Spring Labs’ software, he said, relies on small language models to maintain certain processes. It uses large language models for some processing and productive capabilities. It can work with any model, he said.

Older, keyword-based compliance systems are more likely to trigger false positives and false negatives, Sun said. Such systems can’t understand context or code words, for example.

“If someone uses the word ‘Asian’ in a completely innocuous context, that could be perceived as a potential fair credit violation,” Sun said, giving an example of a false positive.

In addition to categorizing and flagging customer complaints, Spring Labs’ system can also be used to assign workflows to customer complaints, and some customers are already using it that way, Sun said.

Some experts agree that this use case for generative AI makes sense.

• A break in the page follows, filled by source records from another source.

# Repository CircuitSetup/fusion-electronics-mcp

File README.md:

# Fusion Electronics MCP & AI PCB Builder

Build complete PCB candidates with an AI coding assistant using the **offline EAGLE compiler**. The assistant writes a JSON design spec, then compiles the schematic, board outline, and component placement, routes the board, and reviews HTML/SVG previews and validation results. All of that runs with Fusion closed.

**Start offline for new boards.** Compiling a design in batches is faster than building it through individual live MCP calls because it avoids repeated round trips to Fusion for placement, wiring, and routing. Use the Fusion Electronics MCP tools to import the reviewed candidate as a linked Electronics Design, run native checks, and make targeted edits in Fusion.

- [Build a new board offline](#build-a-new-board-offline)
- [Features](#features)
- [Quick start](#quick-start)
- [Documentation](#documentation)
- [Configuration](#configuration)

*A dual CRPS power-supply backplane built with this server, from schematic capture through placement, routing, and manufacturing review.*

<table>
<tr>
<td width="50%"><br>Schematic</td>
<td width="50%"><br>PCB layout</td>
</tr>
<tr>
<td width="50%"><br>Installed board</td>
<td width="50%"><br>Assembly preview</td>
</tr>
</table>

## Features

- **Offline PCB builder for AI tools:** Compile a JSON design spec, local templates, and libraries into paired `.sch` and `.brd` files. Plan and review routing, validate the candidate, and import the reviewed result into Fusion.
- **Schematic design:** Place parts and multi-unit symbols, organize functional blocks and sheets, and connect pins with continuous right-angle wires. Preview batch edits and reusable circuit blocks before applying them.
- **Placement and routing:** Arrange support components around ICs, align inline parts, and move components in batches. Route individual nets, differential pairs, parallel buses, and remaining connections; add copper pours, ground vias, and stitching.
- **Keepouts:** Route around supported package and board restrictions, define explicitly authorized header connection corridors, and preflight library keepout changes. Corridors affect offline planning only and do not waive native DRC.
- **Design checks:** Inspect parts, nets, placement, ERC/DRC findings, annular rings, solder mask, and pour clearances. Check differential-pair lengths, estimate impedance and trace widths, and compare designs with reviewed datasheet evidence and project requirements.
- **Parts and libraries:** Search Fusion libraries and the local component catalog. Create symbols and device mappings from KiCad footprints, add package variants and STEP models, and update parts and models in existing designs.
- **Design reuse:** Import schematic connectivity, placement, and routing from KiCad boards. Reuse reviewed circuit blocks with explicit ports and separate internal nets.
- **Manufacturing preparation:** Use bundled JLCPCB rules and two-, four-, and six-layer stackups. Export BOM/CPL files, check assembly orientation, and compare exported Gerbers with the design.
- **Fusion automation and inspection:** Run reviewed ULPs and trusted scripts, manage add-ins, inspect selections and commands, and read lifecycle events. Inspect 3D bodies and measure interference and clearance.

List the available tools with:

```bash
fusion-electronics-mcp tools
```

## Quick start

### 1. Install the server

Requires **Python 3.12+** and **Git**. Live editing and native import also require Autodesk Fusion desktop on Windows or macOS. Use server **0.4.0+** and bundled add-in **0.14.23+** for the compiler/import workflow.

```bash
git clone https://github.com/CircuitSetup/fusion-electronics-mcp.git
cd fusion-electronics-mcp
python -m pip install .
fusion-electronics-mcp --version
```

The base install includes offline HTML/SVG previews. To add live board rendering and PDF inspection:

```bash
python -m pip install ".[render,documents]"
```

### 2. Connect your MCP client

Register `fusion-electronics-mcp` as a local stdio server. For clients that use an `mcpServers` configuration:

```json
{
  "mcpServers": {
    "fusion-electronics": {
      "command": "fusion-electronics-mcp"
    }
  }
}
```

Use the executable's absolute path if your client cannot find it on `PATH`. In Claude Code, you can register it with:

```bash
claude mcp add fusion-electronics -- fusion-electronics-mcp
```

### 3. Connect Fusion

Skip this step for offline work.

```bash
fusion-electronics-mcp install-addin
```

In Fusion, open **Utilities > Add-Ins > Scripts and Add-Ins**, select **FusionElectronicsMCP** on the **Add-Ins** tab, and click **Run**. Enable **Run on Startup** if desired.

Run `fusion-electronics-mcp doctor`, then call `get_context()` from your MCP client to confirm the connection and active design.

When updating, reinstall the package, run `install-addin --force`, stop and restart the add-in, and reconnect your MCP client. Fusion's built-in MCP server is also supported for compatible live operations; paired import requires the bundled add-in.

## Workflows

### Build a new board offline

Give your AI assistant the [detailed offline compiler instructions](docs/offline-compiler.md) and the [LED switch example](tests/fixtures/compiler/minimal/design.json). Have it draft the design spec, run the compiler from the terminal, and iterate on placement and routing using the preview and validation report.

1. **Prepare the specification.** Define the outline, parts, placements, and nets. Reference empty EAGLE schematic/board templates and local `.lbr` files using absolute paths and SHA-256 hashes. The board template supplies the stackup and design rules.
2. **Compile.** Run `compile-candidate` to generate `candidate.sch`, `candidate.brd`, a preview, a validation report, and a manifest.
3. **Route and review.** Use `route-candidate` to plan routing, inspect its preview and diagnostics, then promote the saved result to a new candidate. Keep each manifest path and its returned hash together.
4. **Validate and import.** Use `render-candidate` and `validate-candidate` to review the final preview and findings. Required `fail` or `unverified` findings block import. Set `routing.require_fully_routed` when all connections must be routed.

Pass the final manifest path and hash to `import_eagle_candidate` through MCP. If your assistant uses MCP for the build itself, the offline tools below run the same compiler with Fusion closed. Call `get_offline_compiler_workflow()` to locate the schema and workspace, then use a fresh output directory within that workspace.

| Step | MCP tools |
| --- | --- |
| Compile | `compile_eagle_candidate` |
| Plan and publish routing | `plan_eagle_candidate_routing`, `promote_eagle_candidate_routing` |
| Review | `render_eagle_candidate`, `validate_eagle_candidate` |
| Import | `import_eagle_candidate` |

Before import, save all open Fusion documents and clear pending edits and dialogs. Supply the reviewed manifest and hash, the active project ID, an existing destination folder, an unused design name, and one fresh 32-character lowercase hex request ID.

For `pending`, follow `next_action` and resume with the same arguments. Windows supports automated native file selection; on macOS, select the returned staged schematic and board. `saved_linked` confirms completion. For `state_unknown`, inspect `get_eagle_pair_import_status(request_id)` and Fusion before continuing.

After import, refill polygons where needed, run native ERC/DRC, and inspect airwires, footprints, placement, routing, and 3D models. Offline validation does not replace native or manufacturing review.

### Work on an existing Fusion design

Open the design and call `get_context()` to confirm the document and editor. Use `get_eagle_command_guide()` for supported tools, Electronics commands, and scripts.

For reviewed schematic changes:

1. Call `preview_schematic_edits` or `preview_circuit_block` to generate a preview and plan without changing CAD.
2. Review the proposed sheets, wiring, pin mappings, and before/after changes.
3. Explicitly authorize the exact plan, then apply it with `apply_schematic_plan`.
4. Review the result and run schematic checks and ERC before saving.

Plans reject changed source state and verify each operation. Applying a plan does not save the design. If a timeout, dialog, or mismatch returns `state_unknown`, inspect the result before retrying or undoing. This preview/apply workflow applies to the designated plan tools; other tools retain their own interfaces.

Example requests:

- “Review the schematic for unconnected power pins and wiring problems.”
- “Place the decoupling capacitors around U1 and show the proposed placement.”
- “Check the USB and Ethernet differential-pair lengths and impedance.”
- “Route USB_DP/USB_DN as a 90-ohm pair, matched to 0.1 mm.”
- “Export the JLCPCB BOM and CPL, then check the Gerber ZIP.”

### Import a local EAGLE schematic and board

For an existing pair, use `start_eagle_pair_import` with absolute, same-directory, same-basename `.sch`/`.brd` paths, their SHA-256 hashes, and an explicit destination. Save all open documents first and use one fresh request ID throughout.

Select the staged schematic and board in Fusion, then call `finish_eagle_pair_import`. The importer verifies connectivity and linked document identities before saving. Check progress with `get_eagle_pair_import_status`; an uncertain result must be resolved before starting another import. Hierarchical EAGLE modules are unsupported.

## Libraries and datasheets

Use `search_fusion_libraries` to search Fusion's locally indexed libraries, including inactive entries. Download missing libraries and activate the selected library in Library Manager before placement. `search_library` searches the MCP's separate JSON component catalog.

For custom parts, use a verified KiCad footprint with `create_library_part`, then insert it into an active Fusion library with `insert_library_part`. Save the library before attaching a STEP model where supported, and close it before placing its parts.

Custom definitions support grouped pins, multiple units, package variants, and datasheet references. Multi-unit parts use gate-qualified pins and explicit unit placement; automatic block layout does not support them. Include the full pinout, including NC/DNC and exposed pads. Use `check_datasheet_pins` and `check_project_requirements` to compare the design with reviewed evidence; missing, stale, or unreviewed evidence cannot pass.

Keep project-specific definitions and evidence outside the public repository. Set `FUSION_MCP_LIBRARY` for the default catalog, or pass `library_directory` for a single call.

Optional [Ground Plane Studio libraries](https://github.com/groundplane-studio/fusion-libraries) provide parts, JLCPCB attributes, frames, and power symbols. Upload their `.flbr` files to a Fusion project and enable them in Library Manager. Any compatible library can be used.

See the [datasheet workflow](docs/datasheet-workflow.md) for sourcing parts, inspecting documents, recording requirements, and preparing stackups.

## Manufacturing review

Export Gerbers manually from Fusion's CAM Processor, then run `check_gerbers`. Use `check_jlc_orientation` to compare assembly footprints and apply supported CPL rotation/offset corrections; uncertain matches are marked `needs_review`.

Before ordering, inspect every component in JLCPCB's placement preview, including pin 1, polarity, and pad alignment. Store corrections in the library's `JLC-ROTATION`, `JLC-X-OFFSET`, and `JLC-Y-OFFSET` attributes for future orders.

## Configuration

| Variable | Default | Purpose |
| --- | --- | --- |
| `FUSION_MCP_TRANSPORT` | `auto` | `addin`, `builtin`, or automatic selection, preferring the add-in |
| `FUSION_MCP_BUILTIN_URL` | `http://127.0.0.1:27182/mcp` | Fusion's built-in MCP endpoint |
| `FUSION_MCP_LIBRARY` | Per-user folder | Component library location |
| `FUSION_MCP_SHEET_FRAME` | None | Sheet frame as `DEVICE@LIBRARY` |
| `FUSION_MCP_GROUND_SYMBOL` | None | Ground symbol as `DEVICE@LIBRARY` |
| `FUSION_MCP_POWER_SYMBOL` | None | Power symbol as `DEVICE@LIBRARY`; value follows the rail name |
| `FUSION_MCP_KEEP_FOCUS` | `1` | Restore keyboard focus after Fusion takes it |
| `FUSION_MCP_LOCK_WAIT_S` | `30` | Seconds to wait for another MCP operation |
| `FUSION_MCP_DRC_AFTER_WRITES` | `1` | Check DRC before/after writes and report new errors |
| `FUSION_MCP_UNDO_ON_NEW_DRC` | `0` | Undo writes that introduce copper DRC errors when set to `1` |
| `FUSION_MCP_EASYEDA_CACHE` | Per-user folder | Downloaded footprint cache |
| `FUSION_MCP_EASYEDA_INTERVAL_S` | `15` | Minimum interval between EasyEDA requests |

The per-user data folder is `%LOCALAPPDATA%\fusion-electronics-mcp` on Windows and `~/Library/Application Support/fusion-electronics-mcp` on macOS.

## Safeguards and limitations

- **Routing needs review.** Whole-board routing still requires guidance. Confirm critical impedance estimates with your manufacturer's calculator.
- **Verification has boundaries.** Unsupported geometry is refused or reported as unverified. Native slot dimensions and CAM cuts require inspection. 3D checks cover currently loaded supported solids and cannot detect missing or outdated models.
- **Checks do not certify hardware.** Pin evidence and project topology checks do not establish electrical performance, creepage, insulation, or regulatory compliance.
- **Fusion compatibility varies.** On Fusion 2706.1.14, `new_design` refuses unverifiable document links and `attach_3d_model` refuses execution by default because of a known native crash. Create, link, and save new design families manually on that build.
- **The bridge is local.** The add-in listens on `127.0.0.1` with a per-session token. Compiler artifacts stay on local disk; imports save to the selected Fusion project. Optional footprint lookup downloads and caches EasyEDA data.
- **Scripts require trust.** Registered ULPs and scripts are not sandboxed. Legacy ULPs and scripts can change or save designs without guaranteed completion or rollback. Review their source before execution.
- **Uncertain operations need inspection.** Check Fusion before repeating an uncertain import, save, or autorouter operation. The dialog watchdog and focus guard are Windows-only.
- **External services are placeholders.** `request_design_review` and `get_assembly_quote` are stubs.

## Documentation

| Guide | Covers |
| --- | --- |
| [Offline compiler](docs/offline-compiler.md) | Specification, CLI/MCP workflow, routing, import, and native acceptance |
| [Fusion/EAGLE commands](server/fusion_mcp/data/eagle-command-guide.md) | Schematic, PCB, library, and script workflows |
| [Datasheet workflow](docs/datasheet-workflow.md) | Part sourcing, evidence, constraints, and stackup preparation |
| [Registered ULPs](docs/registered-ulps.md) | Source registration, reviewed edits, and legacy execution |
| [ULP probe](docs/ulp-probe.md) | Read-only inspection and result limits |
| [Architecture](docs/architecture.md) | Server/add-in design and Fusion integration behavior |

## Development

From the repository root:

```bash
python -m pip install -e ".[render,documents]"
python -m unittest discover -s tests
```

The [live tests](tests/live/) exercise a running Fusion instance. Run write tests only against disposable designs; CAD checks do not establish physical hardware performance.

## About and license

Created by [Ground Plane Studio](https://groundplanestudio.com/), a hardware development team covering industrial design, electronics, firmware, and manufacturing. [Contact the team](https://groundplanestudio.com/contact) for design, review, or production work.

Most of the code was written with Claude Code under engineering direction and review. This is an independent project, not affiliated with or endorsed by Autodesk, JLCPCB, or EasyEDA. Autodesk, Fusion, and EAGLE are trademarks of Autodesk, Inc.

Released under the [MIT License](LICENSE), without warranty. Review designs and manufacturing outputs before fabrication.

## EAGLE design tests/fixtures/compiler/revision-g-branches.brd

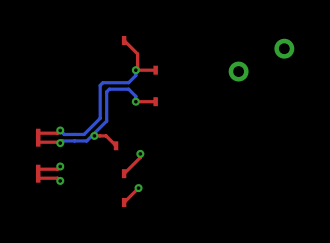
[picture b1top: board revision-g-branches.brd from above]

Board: 4 copper layers, 8 parts (0 on the bottom side), 4 nets.

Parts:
C45: C45
C46: C46
J7: J7
R49: R49
R50: R50
R52: R52
R53: R53
U10: U10

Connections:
ETH_RX_N: C46.1, R53.1, U10.5
ETH_RX_P: C45.1, R52.1, U10.6
ETH_TX_N: J7.2, R50.1, U10.1
ETH_TX_P: J7.1, R49.1, U10.2

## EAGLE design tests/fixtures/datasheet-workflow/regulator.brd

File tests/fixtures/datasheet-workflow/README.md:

# Synthetic regulator layout fixture

`regulator.brd` represents a synthetic eight-pad regulator with input/output capacitors, inductor, feedback divider and exposed-pad ground connections on a four-layer stack. `requirements.json` checks pad-specific supply/feedback proximity, switch-path length, power width/clearance and thermal-via connectivity. Engineering proximity bounds are explicitly assumptions. Implemented checks pass; the separate reference/return-path requirement deliberately remains unverified. This is not a fabrication-ready or electrically simulated converter.

`synthetic-evidence.json` is a test double, not manufacturer evidence or human approval. It cannot be bound as acquired evidence: there are no PDF manifests. Negative tests mutate evidence and geometry; production acquisition is documented in `docs/datasheet-workflow.md`.

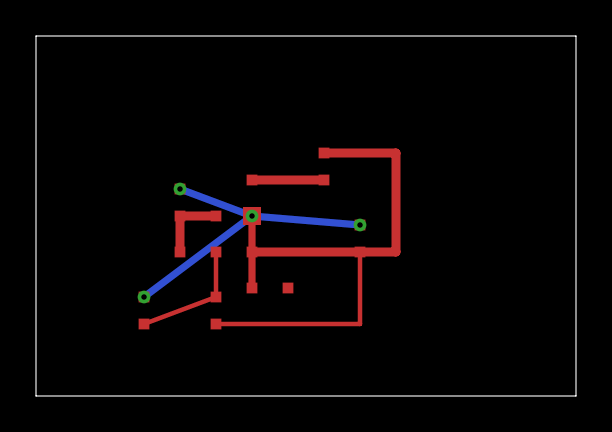
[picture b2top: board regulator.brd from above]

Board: 4 copper layers, 30.0 x 20.0 mm, 6 parts (0 on the bottom side), 5 nets.

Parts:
C1: 0805
C2: 22uF; 0805
L1: 2.2uH; 0805
R1: 100k; 0805
R2: 20k; 0805
U1: QFN

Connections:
FB: R1.2, R2.1, U1.FB
GND: C1.2, C2.2, R2.2, U1.AGND, U1.EP
SW: L1.1, U1.SW
VIN: C1.1, U1.EN, U1.VIN
VOUT: C2.1, L1.2, R1.1, U1.VOS

“I think the concept and the approach is valid,” Marcia Tal, founder of PositivityTech, a firm that helps companies understand customer complaints, said in an interview. “All banks are trying to solidify their sophistication, accountability and responsibility in this (banking as a service) space.”

But he notes that a productive AI system should never be the sole monitor of customer interactions; people with domain expertise need to be involved. And customer privacy needs to be protected as data is transferred between assets and systems.

“The richness of these conversations that happen (in customer service interactions) is real,” Tal said. “People will sometimes tell you stories about what’s going on with them. Why would you want that to end up anywhere else? Or why wouldn’t an organization care about this data like they care about other data assets they have?”